__Problem details__
Because the pictures are not wanted, give back only the exact text of every entry below.

Data entries:
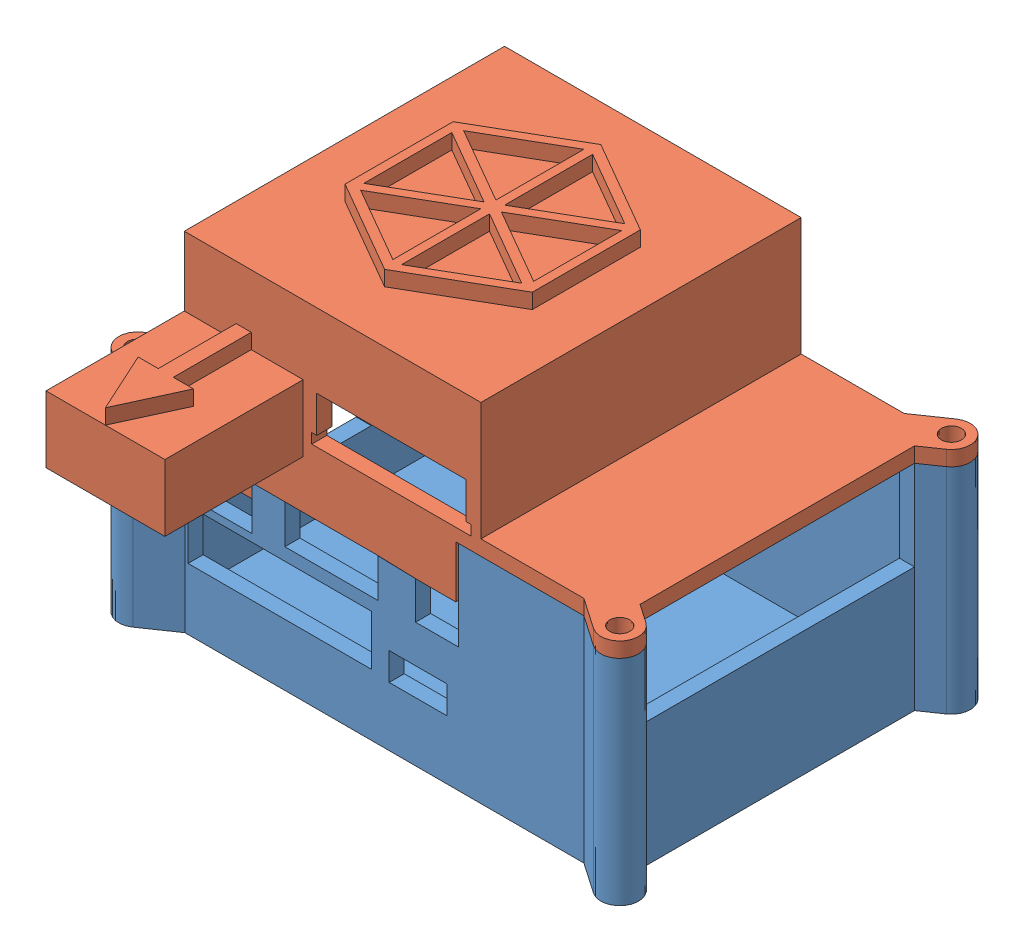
SolidWorks assembly Assem1.SLDASM, configuration Default (file format 11000). Lengths in mm.
Overall size (146.61 72.1 108.14).
2 component instances, 2 part files, 3 mates.
Components (placement in the parent):
- Base-2: Base.SLDPRT [Default] at (96.3843 26.103 102.6325) size (130.35 66.1 89.97)
- Top-2: Top.SLDPRT [Default] at (3.7843 68.703 38.9325) x (-1 0 0) z (0 0 -1) size (146.61 42.35 108.14)
Mates (geometry in assembly coordinates):
- Concentric7: concentric: circle of Base-2; circle of Top-2
- Coincident7: coincident: cylinder of Base-2 through (98.032 68.703 103.766) axis (0 -1 0) radius 2; circle of Top-2
- Coincident8: coincident: plane of Base-2 through (2.1365 68.703 103.766) normal (0 1 0); plane of Top-2 through (98.032 68.703 103.766) normal (0 -1 0)

__Solution to this task__
SolidWorks assembly Assem1.SLDASM, configuration Default (file format 11000). Lengths in mm.
Overall size (146.61 72.1 108.14).
2 component instances, 2 part files, 3 mates.
Components (placement in the parent):
- Base-2: Base.SLDPRT [Default] at (96.3843 26.103 102.6325) size (130.35 66.1 89.97)
- Top-2: Top.SLDPRT [Default] at (3.7843 68.703 38.9325) x (-1 0 0) z (0 0 -1) size (146.61 42.35 108.14)
Mates (geometry in assembly coordinates):
- Concentric7: concentric: circle of Base-2; circle of Top-2
- Coincident7: coincident: cylinder of Base-2 through (98.032 68.703 103.766) axis (0 -1 0) radius 2; circle of Top-2
- Coincident8: coincident: plane of Base-2 through (2.1365 68.703 103.766) normal (0 1 0); plane of Top-2 through (98.032 68.703 103.766) normal (0 -1 0)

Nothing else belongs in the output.